Dataset excerpts:
----------

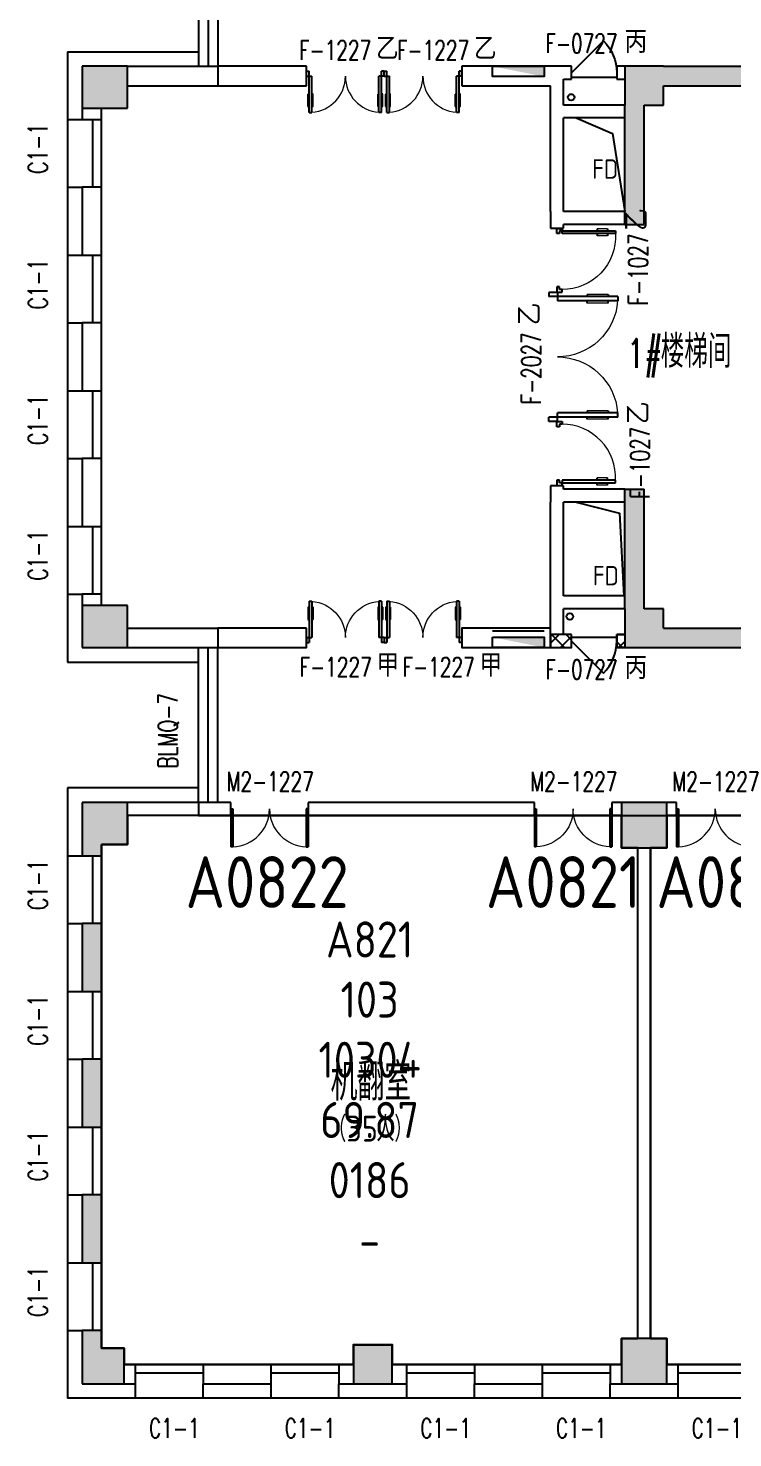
# Model space of a CAD drawing. Extents: x 1136392 to 1212190, y 313528 to 416301.
# Drawn here: x 1136417 to 1147326, y 382828 to 404654 of the extents above; entities that cross this region are included whole.
import ezdxf
from ezdxf.enums import TextEntityAlignment as Align

# ---------------------------------------------------------------- set-up
doc = ezdxf.new("R2010")
doc.units = 0
doc.header["$LTSCALE"] = 1000
doc.header["$MEASUREMENT"] = 0
for name, color, linetype in [('body', 30, 'Continuous'), ('name', 1, 'Continuous'), ('RM$', 5, 'Continuous'), ('RM$TXT', 5, 'Continuous'), ('消防', 222, 'Continuous')]:
    doc.layers.add(name, color=color, linetype=linetype)
doc.styles.add('-宋体', font='GBENOR.shx', dxfattribs={"bigfont": 'GBCBIG.shx'})
doc.styles.add('_TCH_DIM', font='SIMPLEX', dxfattribs={"bigfont": 'GBCBIG'})
doc.styles.add('_TCH_WINDOW', font='txt.shx', dxfattribs={"height": 3.5, "bigfont": 'hztxt.shx'})
doc.styles.get("Standard").update_dxf_attribs({"font": 'gbenor.shx', "bigfont": 'gbcbig.shx'})

# ---------------------------------------------------------------- blocks, each defined once
blk = doc.blocks.new('cde')
at = {"layer": '消防'}
blk.add_hatch(color=256, dxfattribs=at).paths.add_polyline_path([(-873427, -271674), (-874227, -271674), (-873427, -271834)])
blk.add_lwpolyline([(-874227, -271674), (-873427, -271674), (-873427, -271834), (-874227, -271834)], close=True, dxfattribs=at)
blk = doc.blocks.new('$WINLIB2D$00000004')
for p, q in [((-0.5, 0.5), (0.5, 0.5)), ((-0.5, 0.241), (0.5, 0.241)), ((-0.5, -0.5), (0.5, -0.5))]:
    blk.add_line(p, q)
blk = doc.blocks.new('$DorLib2D$00000002')
for p, q in [((-0.5, 0), (-0.5, 0.4875)), ((-0.475, 0.4875), (-0.5, 0.4875)), ((-0.475, 0), (-0.475, 0.4875)), ((0.475, 0), (0.475, 0.4875)), ((0.475, 0.4875), (0.5, 0.4875)), ((0.5, 0), (0.5, 0.4875)), ((-0.5, 0), (-0.475, 0)), ((0.5, 0), (0.475, 0))]:
    blk.add_line(p, q)
at = {"lineweight": 13}
for centre, start, end in [((-0.4875, 0), 0, 88.53072), ((0.4875, 0), 91.46928, 180)]:
    blk.add_arc(centre, 0.4875, start, end, dxfattribs=at)
blk = doc.blocks.new('$DorLib2D$00000011')
for p, q in [((-0.467, 0.471), (-0.467, -0.062)), ((-0.467, 0.471), (-0.433, 0.471)), ((-0.433, 0.471), (-0.433, 0.004)), ((0.433, 0.471), (0.433, 0.004)), ((0.467, 0.471), (0.433, 0.471)), ((0.467, 0.471), (0.467, -0.062)), ((-0.483, 0.396), (-0.467, 0.396)), ((-0.417, 0.396), (-0.433, 0.396)), ((0.417, 0.396), (0.433, 0.396)), ((0.483, 0.396), (0.467, 0.396)), ((-0.483, 0.235), (-0.467, 0.235)), ((-0.417, 0.235), (-0.433, 0.235)), ((0.417, 0.235), (0.433, 0.235)), ((0.483, 0.235), (0.467, 0.235)), ((-0.5, 0.004), (-0.433, 0.004)), ((-0.5, 0.004), (-0.5, -0.062)), ((0.5, 0.004), (0.433, 0.004)), ((0.5, 0.004), (0.5, -0.062)), ((-0.5, -0.062), (-0.467, -0.062)), ((0.5, -0.062), (0.467, -0.062))]:
    blk.add_line(p, q)
at = {"lineweight": 13}
for p, q in [((-0.483, 0.396), (-0.483, 0.235)), ((-0.417, 0.396), (-0.417, 0.235)), ((0.417, 0.396), (0.417, 0.235)), ((0.483, 0.396), (0.483, 0.235))]:
    blk.add_line(p, q, dxfattribs=at)
for centre, start, end in [((-0.467, 0.004), 0, 85.904), ((0.467, 0.004), 94.096, 180)]:
    blk.add_arc(centre, 0.467, start, end, dxfattribs=at)
blk = doc.blocks.new('$DorLib2D$00000009')
for p, q in [((0.413, 0.905), (0.413, 0.081)), ((0.454, 0.905), (0.413, 0.905)), ((0.454, 0.081), (0.454, 0.905)), ((0.413, 0.782), (0.378, 0.782)), ((0.489, 0.782), (0.454, 0.782)), ((0.413, 0.624), (0.378, 0.624)), ((0.489, 0.624), (0.454, 0.624)), ((-0.494, 0.081), (-0.453, 0.081)), ((-0.494, -0.002), (-0.494, 0.081)), ((-0.453, 0.081), (-0.453, 0.039)), ((-0.453, 0.039), (-0.412, 0.039)), ((-0.412, 0.039), (-0.412, -0.002)), ((0.413, 0.081), (0.454, 0.081)), ((0.454, 0.039), (0.413, 0.039)), ((0.413, 0.039), (0.413, -0.002)), ((0.495, 0.081), (0.454, 0.081)), ((0.454, 0.081), (0.454, 0.039)), ((0.495, -0.002), (0.495, 0.081)), ((-0.494, -0.002), (-0.494, -0.002)), ((-0.412, -0.002), (-0.494, -0.002)), ((0.413, -0.002), (0.495, -0.002)), ((0.495, -0.002), (0.495, -0.002))]:
    blk.add_line(p, q)
at = {"lineweight": 13}
for p, q in [((0.378, 0.782), (0.378, 0.624)), ((0.489, 0.782), (0.489, 0.624))]:
    blk.add_line(p, q, dxfattribs=at)
blk.add_arc((0.372, 0.082), 0.825, 87.134, 180.0717, dxfattribs=at)
blk = doc.blocks.new('$DorLib2D$00000114')
at = {"color": 0}
blk.add_line((0.5, 0), (-0.207, 0.707), dxfattribs=at)
blk.add_arc((0.5, 0), 1, 135, 180, dxfattribs=at)

msp = doc.modelspace()

# ---------------------------------------------------------------- hatches: boundary and pattern name
at = {"layer": 'body'}
for points in [[(1137253, 403415), (1137953, 403415), (1137953, 404064), (1137253, 404064)], [(1145653, 403464), (1146253, 403464), (1146253, 404064), (1145653, 404064)], [(1146253, 404064), (1146253, 403764), (1154053, 403764), (1154053, 404064)], [(1145953, 403464), (1145653, 403464), (1145653, 401614), (1145953, 401614)], [(1145653, 395664), (1145953, 395664), (1145953, 397514), (1145653, 397514)], [(1137253, 395064), (1137953, 395064), (1137953, 395715), (1137253, 395715)], [(1145653, 395064), (1146253, 395064), (1146253, 395664), (1145653, 395664)], [(1146253, 395364), (1146253, 395064), (1154053, 395064), (1154053, 395364)], [(1137253, 392015), (1137953, 392015), (1137953, 392664), (1137253, 392664)], [(1145603, 391964), (1146303, 391964), (1146303, 392664), (1145603, 392664)], [(1137553, 392015), (1137253, 392015), (1137253, 391840), (1137553, 391840)], [(1137253, 390790), (1137253, 389740), (1137553, 389740), (1137553, 390790)], [(1137253, 388690), (1137253, 387640), (1137553, 387640), (1137553, 388690)], [(1137253, 386590), (1137253, 385540), (1137553, 385540), (1137553, 386590)], [(1137253, 384214), (1137553, 384214), (1137553, 384490), (1137253, 384490)], [(1145603, 383664), (1146303, 383664), (1146303, 384364), (1145603, 384364)], [(1137253, 383664), (1137903, 383664), (1137903, 384214), (1137253, 384214)], [(1141453, 383664), (1142053, 383664), (1142053, 384264), (1141453, 384264)]]:
    msp.add_hatch(color=256, dxfattribs=at).paths.add_polyline_path(points)

# ---------------------------------------------------------------- linework, layer by layer
for p, q in [((1139053, 406465), (1139053, 404064)), ((1139203, 406465), (1139203, 404064)), ((1139353, 406465), (1139353, 404064)), ((1137028, 404290), (1137028, 403240)), ((1137028, 404290), (1139053, 404290)), ((1137953, 404064), (1137253, 404064)), ((1137253, 404064), (1137253, 403415)), ((1137953, 404064), (1139353, 404064)), ((1137953, 403415), (1137953, 404064)), ((1139353, 404064), (1139353, 403764)), ((1140728, 404064), (1139353, 404064)), ((1139353, 404064), (1139353, 403764)), ((1140728, 403764), (1140728, 404064)), ((1144603, 404064), (1143128, 404064)), ((1143128, 404064), (1143128, 403764)), ((1144828, 404064), (1144603, 404064)), ((1144828, 403864), (1144828, 404064)), ((1145653, 404064), (1145528, 404064)), ((1145528, 404064), (1145528, 403864)), ((1146253, 404064), (1145653, 404064)), ((1145653, 404064), (1145653, 403464)), ((1146253, 404064), (1154053, 404064)), ((1144703, 403864), (1144828, 403864)), ((1144703, 403464), (1144703, 403864)), ((1144828, 403894), (1145528, 403894)), ((1145528, 403864), (1145653, 403864)), ((1137953, 403764), (1139353, 403764)), ((1139353, 403764), (1140728, 403764)), ((1143128, 403764), (1144503, 403764)), ((1144503, 403464), (1144503, 403764)), ((1146253, 403764), (1154053, 403764)), ((1146253, 403464), (1146253, 403764)), ((1137253, 403415), (1137253, 403240)), ((1137253, 403415), (1137953, 403415)), ((1137553, 403240), (1137553, 403415)), ((1144503, 401814), (1144503, 403464)), ((1145653, 403464), (1144703, 403464)), ((1145653, 401614), (1145653, 403464)), ((1145953, 401614), (1145953, 403464)), ((1145953, 403464), (1146253, 403464)), ((1137028, 403240), (1137253, 403240)), ((1137253, 403240), (1137553, 403240)), ((1145653, 403264), (1144703, 403264)), ((1144703, 401814), (1144703, 403264)), ((1137028, 402190), (1137028, 401140)), ((1137028, 402190), (1137253, 402190)), ((1137253, 402190), (1137253, 401140)), ((1137553, 402190), (1137253, 402190)), ((1137553, 401140), (1137553, 402190)), ((1144503, 401814), (1144503, 401560)), ((1145653, 401814), (1144703, 401814)), ((1145653, 401614), (1144703, 401614)), ((1144703, 401560), (1144703, 401614)), ((1145653, 401614), (1145953, 401614)), ((1144503, 401560), (1144703, 401560)), ((1137028, 401140), (1137253, 401140)), ((1137253, 401140), (1137553, 401140)), ((1137028, 400090), (1137028, 399040)), ((1137028, 400090), (1137253, 400090)), ((1137253, 400090), (1137253, 399040)), ((1137553, 400090), (1137253, 400090)), ((1137553, 399040), (1137553, 400090)), ((1137028, 399040), (1137253, 399040)), ((1137253, 399040), (1137553, 399040)), ((1137028, 397990), (1137028, 396940)), ((1137028, 397990), (1137253, 397990)), ((1137253, 397990), (1137253, 396940)), ((1137553, 397990), (1137253, 397990)), ((1137553, 396940), (1137553, 397990)), ((1144703, 397569), (1144503, 397569)), ((1144503, 397569), (1144503, 397314)), ((1144703, 397514), (1144703, 397569)), ((1145653, 397514), (1144703, 397514)), ((1145653, 395664), (1145653, 397514)), ((1145653, 397514), (1145953, 397514)), ((1145953, 395664), (1145953, 397514)), ((1144503, 395664), (1144503, 397314)), ((1145653, 397314), (1144703, 397314)), ((1144703, 395864), (1144703, 397314)), ((1137028, 396940), (1137253, 396940)), ((1137253, 396940), (1137553, 396940)), ((1137028, 395890), (1137028, 394840)), ((1137028, 395890), (1137253, 395890)), ((1137553, 395890), (1137253, 395890)), ((1137253, 395890), (1137253, 395715)), ((1137953, 395715), (1137253, 395715)), ((1137253, 395715), (1137253, 395064)), ((1137553, 395715), (1137553, 395890)), ((1137953, 395064), (1137953, 395715)), ((1145653, 395864), (1144703, 395864)), ((1144503, 395064), (1144503, 395664)), ((1144703, 395264), (1144703, 395664)), ((1145653, 395664), (1144703, 395664)), ((1145653, 395664), (1145653, 395064)), ((1146253, 395664), (1145953, 395664)), ((1146253, 395364), (1146253, 395664)), ((1137953, 395364), (1139353, 395364)), ((1139353, 395364), (1139353, 395064)), ((1140728, 395364), (1139353, 395364)), ((1139353, 395364), (1139353, 395064)), ((1140728, 395064), (1140728, 395364)), ((1144503, 395364), (1143128, 395364)), ((1143128, 395364), (1143128, 395064)), ((1144503, 395064), (1144503, 395364)), ((1144503, 395132), (1144635, 395264)), ((1144720, 395064), (1144520, 395264)), ((1144828, 395264), (1144703, 395264)), ((1144828, 395180), (1144744, 395264)), ((1144828, 395064), (1144828, 395264)), ((1145528, 395259), (1145534, 395264)), ((1145653, 395264), (1145528, 395264)), ((1145528, 395264), (1145528, 395064)), ((1145653, 395253), (1145642, 395264)), ((1146253, 395364), (1154053, 395364)), ((1137253, 395064), (1137953, 395064)), ((1137953, 395064), (1139353, 395064)), ((1139053, 392664), (1139053, 395064)), ((1139203, 392664), (1139203, 395064)), ((1139353, 392664), (1139353, 395064)), ((1139353, 395064), (1140728, 395064)), ((1143128, 395064), (1144503, 395064)), ((1144503, 395064), (1144828, 395064)), ((1144660, 395064), (1144828, 395233)), ((1144828, 395226), (1145528, 395226)), ((1145618, 395064), (1145528, 395154)), ((1145528, 395064), (1145653, 395064)), ((1145558, 395064), (1145653, 395160)), ((1145653, 395064), (1146253, 395064)), ((1146253, 395064), (1154053, 395064)), ((1137028, 394840), (1139053, 394840)), ((1137028, 392890), (1137028, 391840)), ((1139053, 392890), (1137028, 392890)), ((1137953, 392664), (1137253, 392664)), ((1137253, 392664), (1137253, 392015)), ((1139053, 392664), (1137953, 392664)), ((1137953, 392015), (1137953, 392664)), ((1139553, 392664), (1139053, 392664)), ((1139053, 392664), (1139053, 392465)), ((1139053, 392664), (1139053, 392664)), ((1139203, 392664), (1139203, 392664)), ((1139353, 392664), (1139353, 392664)), ((1139553, 392465), (1139553, 392664)), ((1144253, 392664), (1140753, 392664)), ((1140753, 392664), (1140753, 392465)), ((1144253, 392465), (1144253, 392664)), ((1145603, 392664), (1145453, 392664)), ((1145453, 392664), (1145453, 392465)), ((1146303, 392664), (1145603, 392664)), ((1145603, 392664), (1145603, 391964)), ((1146454, 392664), (1146303, 392664)), ((1146303, 391964), (1146303, 392664)), ((1146454, 392465), (1146454, 392664)), ((1139053, 392465), (1137953, 392465)), ((1139053, 392465), (1139553, 392465)), ((1140753, 392465), (1144253, 392465)), ((1145453, 392465), (1145603, 392465)), ((1146303, 392465), (1146454, 392465)), ((1137253, 392015), (1137253, 391840)), ((1137553, 391840), (1137553, 392015)), ((1137553, 392015), (1137953, 392015)), ((1137028, 391840), (1137253, 391840)), ((1137253, 391840), (1137553, 391840)), ((1145603, 391964), (1146303, 391964)), ((1145853, 384364), (1145853, 391964)), ((1146053, 384364), (1146053, 391964)), ((1137028, 390790), (1137028, 389740)), ((1137028, 390790), (1137253, 390790)), ((1137253, 390790), (1137253, 389740)), ((1137553, 390790), (1137253, 390790)), ((1137553, 389740), (1137553, 390790)), ((1137028, 389740), (1137253, 389740)), ((1137253, 389740), (1137553, 389740)), ((1137028, 388690), (1137028, 387640)), ((1137028, 388690), (1137253, 388690)), ((1137253, 388690), (1137253, 387640)), ((1137553, 388690), (1137253, 388690)), ((1137553, 387640), (1137553, 388690)), ((1137028, 387640), (1137253, 387640)), ((1137253, 387640), (1137553, 387640)), ((1137028, 386590), (1137028, 385540)), ((1137028, 386590), (1137253, 386590)), ((1137253, 386590), (1137253, 385540)), ((1137553, 386590), (1137253, 386590)), ((1137553, 385540), (1137553, 386590)), ((1137028, 385540), (1137253, 385540)), ((1137253, 385540), (1137553, 385540)), ((1137028, 384490), (1137028, 383440)), ((1137028, 384490), (1137253, 384490)), ((1137553, 384490), (1137253, 384490)), ((1137253, 384490), (1137253, 384214)), ((1137553, 384214), (1137553, 384490)), ((1146303, 384364), (1145603, 384364)), ((1145603, 384364), (1145603, 383664)), ((1146303, 383664), (1146303, 384364)), ((1137253, 384214), (1137253, 383664)), ((1137903, 384214), (1137553, 384214)), ((1137903, 383664), (1137903, 384214)), ((1142053, 384264), (1141453, 384264)), ((1141453, 384264), (1141453, 383664)), ((1142053, 383664), (1142053, 384264)), ((1138078, 383965), (1137903, 383965)), ((1138078, 383664), (1138078, 383965)), ((1140178, 383965), (1139128, 383965)), ((1139128, 383965), (1139128, 383664)), ((1140178, 383664), (1140178, 383965)), ((1141453, 383965), (1141228, 383965)), ((1141228, 383965), (1141228, 383664)), ((1142278, 383965), (1142053, 383965)), ((1142278, 383664), (1142278, 383965)), ((1144378, 383965), (1143328, 383965)), ((1143328, 383965), (1143328, 383664)), ((1144378, 383664), (1144378, 383965)), ((1145603, 383965), (1145428, 383965)), ((1145428, 383965), (1145428, 383664)), ((1146478, 383965), (1146303, 383965)), ((1146478, 383664), (1146478, 383965)), ((1137253, 383664), (1137903, 383664)), ((1137903, 383664), (1138078, 383664)), ((1138078, 383440), (1138078, 383664)), ((1139128, 383664), (1140178, 383664)), ((1139128, 383440), (1139128, 383664)), ((1140178, 383440), (1140178, 383664)), ((1141228, 383664), (1141453, 383664)), ((1141228, 383440), (1141228, 383664)), ((1141453, 383664), (1142053, 383664)), ((1142053, 383664), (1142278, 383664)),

----------

EXERCISE DIRECTIONS>
Output the lines above between the one holding "blk = doc.blocks.new('$DorLib2D$00000002')" and the one holding "blk = doc.blocks.new('$DorLib2D$00000009')", inclusive, with nothing before or after them.

TASK RESULT>
blk = doc.blocks.new('$DorLib2D$00000002')
for p, q in [((-0.5, 0), (-0.5, 0.4875)), ((-0.475, 0.4875), (-0.5, 0.4875)), ((-0.475, 0), (-0.475, 0.4875)), ((0.475, 0), (0.475, 0.4875)), ((0.475, 0.4875), (0.5, 0.4875)), ((0.5, 0), (0.5, 0.4875)), ((-0.5, 0), (-0.475, 0)), ((0.5, 0), (0.475, 0))]:
    blk.add_line(p, q)
at = {"lineweight": 13}
for centre, start, end in [((-0.4875, 0), 0, 88.53072), ((0.4875, 0), 91.46928, 180)]:
    blk.add_arc(centre, 0.4875, start, end, dxfattribs=at)
blk = doc.blocks.new('$DorLib2D$00000011')
for p, q in [((-0.467, 0.471), (-0.467, -0.062)), ((-0.467, 0.471), (-0.433, 0.471)), ((-0.433, 0.471), (-0.433, 0.004)), ((0.433, 0.471), (0.433, 0.004)), ((0.467, 0.471), (0.433, 0.471)), ((0.467, 0.471), (0.467, -0.062)), ((-0.483, 0.396), (-0.467, 0.396)), ((-0.417, 0.396), (-0.433, 0.396)), ((0.417, 0.396), (0.433, 0.396)), ((0.483, 0.396), (0.467, 0.396)), ((-0.483, 0.235), (-0.467, 0.235)), ((-0.417, 0.235), (-0.433, 0.235)), ((0.417, 0.235), (0.433, 0.235)), ((0.483, 0.235), (0.467, 0.235)), ((-0.5, 0.004), (-0.433, 0.004)), ((-0.5, 0.004), (-0.5, -0.062)), ((0.5, 0.004), (0.433, 0.004)), ((0.5, 0.004), (0.5, -0.062)), ((-0.5, -0.062), (-0.467, -0.062)), ((0.5, -0.062), (0.467, -0.062))]:
    blk.add_line(p, q)
at = {"lineweight": 13}
for p, q in [((-0.483, 0.396), (-0.483, 0.235)), ((-0.417, 0.396), (-0.417, 0.235)), ((0.417, 0.396), (0.417, 0.235)), ((0.483, 0.396), (0.483, 0.235))]:
    blk.add_line(p, q, dxfattribs=at)
for centre, start, end in [((-0.467, 0.004), 0, 85.904), ((0.467, 0.004), 94.096, 180)]:
    blk.add_arc(centre, 0.467, start, end, dxfattribs=at)
blk = doc.blocks.new('$DorLib2D$00000009')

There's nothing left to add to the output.